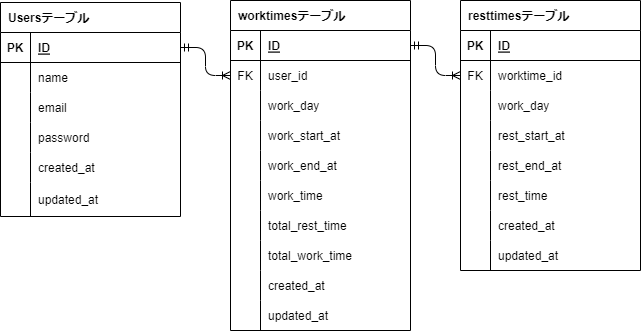

The diagram above was exported from draw.io. Its source (the exported page's mxGraphModel, read from the mxfile embedded in the PNG):
<mxGraphModel dx="713" dy="427" grid="1" gridSize="10" guides="1" tooltips="1" connect="1" arrows="1" fold="1" page="1" pageScale="1" pageWidth="827" pageHeight="1169" math="0" shadow="0">
  <root>
    <mxCell id="0" />
    <mxCell id="1" parent="0" />
    <mxCell id="15" value="Usersテーブル" style="shape=table;startSize=30;container=1;collapsible=1;childLayout=tableLayout;fixedRows=1;rowLines=0;fontStyle=1;align=left;resizeLast=1;fillColor=none;spacingLeft=6;rotation=0;rounded=0;" parent="1" vertex="1">
      <mxGeometry x="50" y="62" width="180" height="214" as="geometry">
        <mxRectangle x="40" y="56" width="130" height="30" as="alternateBounds" />
      </mxGeometry>
    </mxCell>
    <mxCell id="16" value="" style="shape=tableRow;horizontal=0;startSize=0;swimlaneHead=0;swimlaneBody=0;fillColor=none;collapsible=0;dropTarget=0;points=[[0,0.5],[1,0.5]];portConstraint=eastwest;top=0;left=0;right=0;bottom=1;rounded=0;" parent="15" vertex="1">
      <mxGeometry y="30" width="180" height="30" as="geometry" />
    </mxCell>
    <mxCell id="17" value="PK" style="shape=partialRectangle;connectable=0;fillColor=none;top=0;left=0;bottom=0;right=0;fontStyle=1;overflow=hidden;rounded=0;" parent="16" vertex="1">
      <mxGeometry width="30" height="30" as="geometry">
        <mxRectangle width="30" height="30" as="alternateBounds" />
      </mxGeometry>
    </mxCell>
    <mxCell id="18" value="ID" style="shape=partialRectangle;connectable=0;fillColor=none;top=0;left=0;bottom=0;right=0;align=left;spacingLeft=6;fontStyle=5;overflow=hidden;rounded=0;" parent="16" vertex="1">
      <mxGeometry x="30" width="150" height="30" as="geometry">
        <mxRectangle width="150" height="30" as="alternateBounds" />
      </mxGeometry>
    </mxCell>
    <mxCell id="19" value="" style="shape=tableRow;horizontal=0;startSize=0;swimlaneHead=0;swimlaneBody=0;fillColor=none;collapsible=0;dropTarget=0;points=[[0,0.5],[1,0.5]];portConstraint=eastwest;top=0;left=0;right=0;bottom=0;rounded=0;" parent="15" vertex="1">
      <mxGeometry y="60" width="180" height="30" as="geometry" />
    </mxCell>
    <mxCell id="20" value="" style="shape=partialRectangle;connectable=0;fillColor=none;top=0;left=0;bottom=0;right=0;editable=1;overflow=hidden;rounded=0;" parent="19" vertex="1">
      <mxGeometry width="30" height="30" as="geometry">
        <mxRectangle width="30" height="30" as="alternateBounds" />
      </mxGeometry>
    </mxCell>
    <mxCell id="21" value="name" style="shape=partialRectangle;connectable=0;fillColor=none;top=0;left=0;bottom=0;right=0;align=left;spacingLeft=6;overflow=hidden;rounded=0;" parent="19" vertex="1">
      <mxGeometry x="30" width="150" height="30" as="geometry">
        <mxRectangle width="150" height="30" as="alternateBounds" />
      </mxGeometry>
    </mxCell>
    <mxCell id="22" value="" style="shape=tableRow;horizontal=0;startSize=0;swimlaneHead=0;swimlaneBody=0;fillColor=none;collapsible=0;dropTarget=0;points=[[0,0.5],[1,0.5]];portConstraint=eastwest;top=0;left=0;right=0;bottom=0;rounded=0;" parent="15" vertex="1">
      <mxGeometry y="90" width="180" height="30" as="geometry" />
    </mxCell>
    <mxCell id="23" value="" style="shape=partialRectangle;connectable=0;fillColor=none;top=0;left=0;bottom=0;right=0;editable=1;overflow=hidden;rounded=0;" parent="22" vertex="1">
      <mxGeometry width="30" height="30" as="geometry">
        <mxRectangle width="30" height="30" as="alternateBounds" />
      </mxGeometry>
    </mxCell>
    <mxCell id="24" value="email" style="shape=partialRectangle;connectable=0;fillColor=none;top=0;left=0;bottom=0;right=0;align=left;spacingLeft=6;overflow=hidden;rounded=0;" parent="22" vertex="1">
      <mxGeometry x="30" width="150" height="30" as="geometry">
        <mxRectangle width="150" height="30" as="alternateBounds" />
      </mxGeometry>
    </mxCell>
    <mxCell id="25" value="" style="shape=tableRow;horizontal=0;startSize=0;swimlaneHead=0;swimlaneBody=0;fillColor=none;collapsible=0;dropTarget=0;points=[[0,0.5],[1,0.5]];portConstraint=eastwest;top=0;left=0;right=0;bottom=0;rounded=0;" parent="15" vertex="1">
      <mxGeometry y="120" width="180" height="30" as="geometry" />
    </mxCell>
    <mxCell id="26" value="" style="shape=partialRectangle;connectable=0;fillColor=none;top=0;left=0;bottom=0;right=0;editable=1;overflow=hidden;rounded=0;" parent="25" vertex="1">
      <mxGeometry width="30" height="30" as="geometry">
        <mxRectangle width="30" height="30" as="alternateBounds" />
      </mxGeometry>
    </mxCell>
    <mxCell id="27" value="password" style="shape=partialRectangle;connectable=0;fillColor=none;top=0;left=0;bottom=0;right=0;align=left;spacingLeft=6;overflow=hidden;rounded=0;" parent="25" vertex="1">
      <mxGeometry x="30" width="150" height="30" as="geometry">
        <mxRectangle width="150" height="30" as="alternateBounds" />
      </mxGeometry>
    </mxCell>
    <mxCell id="98" value="" style="shape=tableRow;horizontal=0;startSize=0;swimlaneHead=0;swimlaneBody=0;fillColor=none;collapsible=0;dropTarget=0;points=[[0,0.5],[1,0.5]];portConstraint=eastwest;top=0;left=0;right=0;bottom=0;rounded=0;" parent="15" vertex="1">
      <mxGeometry y="150" width="180" height="30" as="geometry" />
    </mxCell>
    <mxCell id="99" value="" style="shape=partialRectangle;connectable=0;fillColor=none;top=0;left=0;bottom=0;right=0;editable=1;overflow=hidden;rounded=0;" parent="98" vertex="1">
      <mxGeometry width="30" height="30" as="geometry">
        <mxRectangle width="30" height="30" as="alternateBounds" />
      </mxGeometry>
    </mxCell>
    <mxCell id="100" value="created_at" style="shape=partialRectangle;connectable=0;fillColor=none;top=0;left=0;bottom=0;right=0;align=left;spacingLeft=6;overflow=hidden;rounded=0;" parent="98" vertex="1">
      <mxGeometry x="30" width="150" height="30" as="geometry">
        <mxRectangle width="150" height="30" as="alternateBounds" />
      </mxGeometry>
    </mxCell>
    <mxCell id="101" value="" style="shape=tableRow;horizontal=0;startSize=0;swimlaneHead=0;swimlaneBody=0;fillColor=none;collapsible=0;dropTarget=0;points=[[0,0.5],[1,0.5]];portConstraint=eastwest;top=0;left=0;right=0;bottom=0;rounded=0;" parent="15" vertex="1">
      <mxGeometry y="180" width="180" height="34" as="geometry" />
    </mxCell>
    <mxCell id="102" value="" style="shape=partialRectangle;connectable=0;fillColor=none;top=0;left=0;bottom=0;right=0;editable=1;overflow=hidden;rounded=0;" parent="101" vertex="1">
      <mxGeometry width="30" height="34" as="geometry">
        <mxRectangle width="30" height="34" as="alternateBounds" />
      </mxGeometry>
    </mxCell>
    <mxCell id="103" value="updated_at" style="shape=partialRectangle;connectable=0;fillColor=none;top=0;left=0;bottom=0;right=0;align=left;spacingLeft=6;overflow=hidden;rounded=0;" parent="101" vertex="1">
      <mxGeometry x="30" width="150" height="34" as="geometry">
        <mxRectangle width="150" height="34" as="alternateBounds" />
      </mxGeometry>
    </mxCell>
    <mxCell id="104" value="worktimesテーブル" style="shape=table;startSize=30;container=1;collapsible=1;childLayout=tableLayout;fixedRows=1;rowLines=0;fontStyle=1;align=left;resizeLast=1;fillColor=none;spacingLeft=6;rotation=0;rounded=0;" parent="1" vertex="1">
      <mxGeometry x="280" y="60" width="180" height="330" as="geometry">
        <mxRectangle x="40" y="56" width="130" height="30" as="alternateBounds" />
      </mxGeometry>
    </mxCell>
    <mxCell id="105" value="" style="shape=tableRow;horizontal=0;startSize=0;swimlaneHead=0;swimlaneBody=0;fillColor=none;collapsible=0;dropTarget=0;points=[[0,0.5],[1,0.5]];portConstraint=eastwest;top=0;left=0;right=0;bottom=1;rounded=0;" parent="104" vertex="1">
      <mxGeometry y="30" width="180" height="30" as="geometry" />
    </mxCell>
    <mxCell id="106" value="PK" style="shape=partialRectangle;connectable=0;fillColor=none;top=0;left=0;bottom=0;right=0;fontStyle=1;overflow=hidden;rounded=0;" parent="105" vertex="1">
      <mxGeometry width="30" height="30" as="geometry">
        <mxRectangle width="30" height="30" as="alternateBounds" />
      </mxGeometry>
    </mxCell>
    <mxCell id="107" value="ID" style="shape=partialRectangle;connectable=0;fillColor=none;top=0;left=0;bottom=0;right=0;align=left;spacingLeft=6;fontStyle=5;overflow=hidden;rounded=0;" parent="105" vertex="1">
      <mxGeometry x="30" width="150" height="30" as="geometry">
        <mxRectangle width="150" height="30" as="alternateBounds" />
      </mxGeometry>
    </mxCell>
    <mxCell id="108" value="" style="shape=tableRow;horizontal=0;startSize=0;swimlaneHead=0;swimlaneBody=0;fillColor=none;collapsible=0;dropTarget=0;points=[[0,0.5],[1,0.5]];portConstraint=eastwest;top=0;left=0;right=0;bottom=0;rounded=0;" parent="104" vertex="1">
      <mxGeometry y="60" width="180" height="30" as="geometry" />
    </mxCell>
    <mxCell id="109" value="FK" style="shape=partialRectangle;connectable=0;fillColor=none;top=0;left=0;bottom=0;right=0;editable=1;overflow=hidden;rounded=0;" parent="108" vertex="1">
      <mxGeometry width="30" height="30" as="geometry">
        <mxRectangle width="30" height="30" as="alternateBounds" />
      </mxGeometry>
    </mxCell>
    <mxCell id="110" value="user_id" style="shape=partialRectangle;connectable=0;fillColor=none;top=0;left=0;bottom=0;right=0;align=left;spacingLeft=6;overflow=hidden;rounded=0;" parent="108" vertex="1">
      <mxGeometry x="30" width="150" height="30" as="geometry">
        <mxRectangle width="150" height="30" as="alternateBounds" />
      </mxGeometry>
    </mxCell>
    <mxCell id="111" value="" style="shape=tableRow;horizontal=0;startSize=0;swimlaneHead=0;swimlaneBody=0;fillColor=none;collapsible=0;dropTarget=0;points=[[0,0.5],[1,0.5]];portConstraint=eastwest;top=0;left=0;right=0;bottom=0;rounded=0;" parent="104" vertex="1">
      <mxGeometry y="90" width="180" height="30" as="geometry" />
    </mxCell>
    <mxCell id="112" value="" style="shape=partialRectangle;connectable=0;fillColor=none;top=0;left=0;bottom=0;right=0;editable=1;overflow=hidden;rounded=0;" parent="111" vertex="1">
      <mxGeometry width="30" height="30" as="geometry">
        <mxRectangle width="30" height="30" as="alternateBounds" />
      </mxGeometry>
    </mxCell>
    <mxCell id="113" value="work_day" style="shape=partialRectangle;connectable=0;fillColor=none;top=0;left=0;bottom=0;right=0;align=left;spacingLeft=6;overflow=hidden;rounded=0;" parent="111" vertex="1">
      <mxGeometry x="30" width="150" height="30" as="geometry">
        <mxRectangle width="150" height="30" as="alternateBounds" />
      </mxGeometry>
    </mxCell>
    <mxCell id="114" value="" style="shape=tableRow;horizontal=0;startSize=0;swimlaneHead=0;swimlaneBody=0;fillColor=none;collapsible=0;dropTarget=0;points=[[0,0.5],[1,0.5]];portConstraint=eastwest;top=0;left=0;right=0;bottom=0;rounded=0;" parent="104" vertex="1">
      <mxGeometry y="120" width="180" height="30" as="geometry" />
    </mxCell>
    <mxCell id="115" value="" style="shape=partialRectangle;connectable=0;fillColor=none;top=0;left=0;bottom=0;right=0;editable=1;overflow=hidden;rounded=0;" parent="114" vertex="1">
      <mxGeometry width="30" height="30" as="geometry">
        <mxRectangle width="30" height="30" as="alternateBounds" />
      </mxGeometry>
    </mxCell>
    <mxCell id="116" value="work_start_at" style="shape=partialRectangle;connectable=0;fillColor=none;top=0;left=0;bottom=0;right=0;align=left;spacingLeft=6;overflow=hidden;rounded=0;" parent="114" vertex="1">
      <mxGeometry x="30" width="150" height="30" as="geometry">
        <mxRectangle width="150" height="30" as="alternateBounds" />
      </mxGeometry>
    </mxCell>
    <mxCell id="123" value="" style="shape=tableRow;horizontal=0;startSize=0;swimlaneHead=0;swimlaneBody=0;fillColor=none;collapsible=0;dropTarget=0;points=[[0,0.5],[1,0.5]];portConstraint=eastwest;top=0;left=0;right=0;bottom=0;rounded=0;" parent="104" vertex="1">
      <mxGeometry y="150" width="180" height="30" as="geometry" />
    </mxCell>
    <mxCell id="124" value="" style="shape=partialRectangle;connectable=0;fillColor=none;top=0;left=0;bottom=0;right=0;editable=1;overflow=hidden;rounded=0;" parent="123" vertex="1">
      <mxGeometry width="30" height="30" as="geometry">
        <mxRectangle width="30" height="30" as="alternateBounds" />
      </mxGeometry>
    </mxCell>
    <mxCell id="125" value="work_end_at" style="shape=partialRectangle;connectable=0;fillColor=none;top=0;left=0;bottom=0;right=0;align=left;spacingLeft=6;overflow=hidden;rounded=0;" parent="123" vertex="1">
      <mxGeometry x="30" width="150" height="30" as="geometry">
        <mxRectangle width="150" height="30" as="alternateBounds" />
      </mxGeometry>
    </mxCell>
    <mxCell id="129" value="" style="shape=tableRow;horizontal=0;startSize=0;swimlaneHead=0;swimlaneBody=0;fillColor=none;collapsible=0;dropTarget=0;points=[[0,0.5],[1,0.5]];portConstraint=eastwest;top=0;left=0;right=0;bottom=0;rounded=0;" parent="104" vertex="1">
      <mxGeometry y="180" width="180" height="30" as="geometry" />
    </mxCell>
    <mxCell id="130" value="" style="shape=partialRectangle;connectable=0;fillColor=none;top=0;left=0;bottom=0;right=0;editable=1;overflow=hidden;rounded=0;" parent="129" vertex="1">
      <mxGeometry width="30" height="30" as="geometry">
        <mxRectangle width="30" height="30" as="alternateBounds" />
      </mxGeometry>
    </mxCell>
    <mxCell id="131" value="work_time" style="shape=partialRectangle;connectable=0;fillColor=none;top=0;left=0;bottom=0;right=0;align=left;spacingLeft=6;overflow=hidden;rounded=0;" parent="129" vertex="1">
      <mxGeometry x="30" width="150" height="30" as="geometry">
        <mxRectangle width="150" height="30" as="alternateBounds" />
      </mxGeometry>
    </mxCell>
    <mxCell id="187" value="" style="shape=tableRow;horizontal=0;startSize=0;swimlaneHead=0;swimlaneBody=0;fillColor=none;collapsible=0;dropTarget=0;points=[[0,0.5],[1,0.5]];portConstraint=eastwest;top=0;left=0;right=0;bottom=0;rounded=0;" parent="104" vertex="1">
      <mxGeometry y="210" width="180" height="30" as="geometry" />
    </mxCell>
    <mxCell id="188" value="" style="shape=partialRectangle;connectable=0;fillColor=none;top=0;left=0;bottom=0;right=0;editable=1;overflow=hidden;rounded=0;" parent="187" vertex="1">
      <mxGeometry width="30" height="30" as="geometry">
        <mxRectangle width="30" height="30" as="alternateBounds" />
      </mxGeometry>
    </mxCell>
    <mxCell id="189" value="total_rest_time" style="shape=partialRectangle;connectable=0;fillColor=none;top=0;left=0;bottom=0;right=0;align=left;spacingLeft=6;overflow=hidden;rounded=0;" parent="187" vertex="1">
      <mxGeometry x="30" width="150" height="30" as="geometry">
        <mxRectangle width="150" height="30" as="alternateBounds" />
      </mxGeometry>
    </mxCell>
    <mxCell id="193" value="" style="shape=tableRow;horizontal=0;startSize=0;swimlaneHead=0;swimlaneBody=0;fillColor=none;collapsible=0;dropTarget=0;points=[[0,0.5],[1,0.5]];portConstraint=eastwest;top=0;left=0;right=0;bottom=0;rounded=0;" parent="104" vertex="1">
      <mxGeometry y="240" width="180" height="30" as="geometry" />
    </mxCell>
    <mxCell id="194" value="" style="shape=partialRectangle;connectable=0;fillColor=none;top=0;left=0;bottom=0;right=0;editable=1;overflow=hidden;rounded=0;" parent="193" vertex="1">
      <mxGeometry width="30" height="30" as="geometry">
        <mxRectangle width="30" height="30" as="alternateBounds" />
      </mxGeometry>
    </mxCell>
    <mxCell id="195" value="total_work_time" style="shape=partialRectangle;connectable=0;fillColor=none;top=0;left=0;bottom=0;right=0;align=left;spacingLeft=6;overflow=hidden;rounded=0;" parent="193" vertex="1">
      <mxGeometry x="30" width="150" height="30" as="geometry">
        <mxRectangle width="150" height="30" as="alternateBounds" />
      </mxGeometry>
    </mxCell>
    <mxCell id="249" value="" style="shape=tableRow;horizontal=0;startSize=0;swimlaneHead=0;swimlaneBody=0;fillColor=none;collapsible=0;dropTarget=0;points=[[0,0.5],[1,0.5]];portConstraint=eastwest;top=0;left=0;right=0;bottom=0;rounded=0;" parent="104" vertex="1">
      <mxGeometry y="270" width="180" height="30" as="geometry" />
    </mxCell>
    <mxCell id="250" value="" style="shape=partialRectangle;connectable=0;fillColor=none;top=0;left=0;bottom=0;right=0;editable=1;overflow=hidden;rounded=0;" parent="249" vertex="1">
      <mxGeometry width="30" height="30" as="geometry">
        <mxRectangle width="30" height="30" as="alternateBounds" />
      </mxGeometry>
    </mxCell>
    <mxCell id="251" value="created_at" style="shape=partialRectangle;connectable=0;fillColor=none;top=0;left=0;bottom=0;right=0;align=left;spacingLeft=6;overflow=hidden;rounded=0;" parent="249" vertex="1">
      <mxGeometry x="30" width="150" height="30" as="geometry">
        <mxRectangle width="150" height="30" as="alternateBounds" />
      </mxGeometry>
    </mxCell>
    <mxCell id="255" value="" style="shape=tableRow;horizontal=0;startSize=0;swimlaneHead=0;swimlaneBody=0;fillColor=none;collapsible=0;dropTarget=0;points=[[0,0.5],[1,0.5]];portConstraint=eastwest;top=0;left=0;right=0;bottom=0;rounded=0;" parent="104" vertex="1">
      <mxGeometry y="300" width="180" height="30" as="geometry" />
    </mxCell>
    <mxCell id="256" value="" style="shape=partialRectangle;connectable=0;fillColor=none;top=0;left=0;bottom=0;right=0;editable=1;overflow=hidden;rounded=0;" parent="255" vertex="1">
      <mxGeometry width="30" height="30" as="geometry">
        <mxRectangle width="30" height="30" as="alternateBounds" />
      </mxGeometry>
    </mxCell>
    <mxCell id="257" value="updated_at" style="shape=partialRectangle;connectable=0;fillColor=none;top=0;left=0;bottom=0;right=0;align=left;spacingLeft=6;overflow=hidden;rounded=0;" parent="255" vertex="1">
      <mxGeometry x="30" width="150" height="30" as="geometry">
        <mxRectangle width="150" height="30" as="alternateBounds" />
      </mxGeometry>
    </mxCell>
    <mxCell id="163" value="resttimesテーブル" style="shape=table;startSize=30;container=1;collapsible=1;childLayout=tableLayout;fixedRows=1;rowLines=0;fontStyle=1;align=left;resizeLast=1;fillColor=none;spacingLeft=6;rotation=0;rounded=0;" parent="1" vertex="1">
      <mxGeometry x="510" y="60" width="180" height="270" as="geometry">
        <mxRectangle x="40" y="56" width="130" height="30" as="alternateBounds" />
      </mxGeometry>
    </mxCell>
    <mxCell id="164" value="" style="shape=tableRow;horizontal=0;startSize=0;swimlaneHead=0;swimlaneBody=0;fillColor=none;collapsible=0;dropTarget=0;points=[[0,0.5],[1,0.5]];portConstraint=eastwest;top=0;left=0;right=0;bottom=1;rounded=0;" parent="163" vertex="1">
      <mxGeometry y="30" width="180" height="30" as="geometry" />
    </mxCell>
    <mxCell id="165" value="PK" style="shape=partialRectangle;connectable=0;fillColor=none;top=0;left=0;bottom=0;right=0;fontStyle=1;overflow=hidden;rounded=0;" parent="164" vertex="1">
      <mxGeometry width="30" height="30" as="geometry">
        <mxRectangle width="30" height="30" as="alternateBounds" />
      </mxGeometry>
    </mxCell>
    <mxCell id="166" value="ID" style="shape=partialRectangle;connectable=0;fillColor=none;top=0;left=0;bottom=0;right=0;align=left;spacingLeft=6;fontStyle=5;overflow=hidden;rounded=0;" parent="164" vertex="1">
      <mxGeometry x="30" width="150" height="30" as="geometry">
        <mxRectangle width="150" height="30" as="alternateBounds" />
      </mxGeometry>
    </mxCell>
    <mxCell id="167" value="" style="shape=tableRow;horizontal=0;startSize=0;swimlaneHead=0;swimlaneBody=0;fillColor=none;collapsible=0;dropTarget=0;points=[[0,0.5],[1,0.5]];portConstraint=eastwest;top=0;left=0;right=0;bottom=0;rounded=0;" parent="163" vertex="1">
      <mxGeometry y="60" width="180" height="30" as="geometry" />
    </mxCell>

▸ **Your instructions**
Lines with the word "rowLines" in the data need counting; report the count alone.

▸ **Expected answer**
3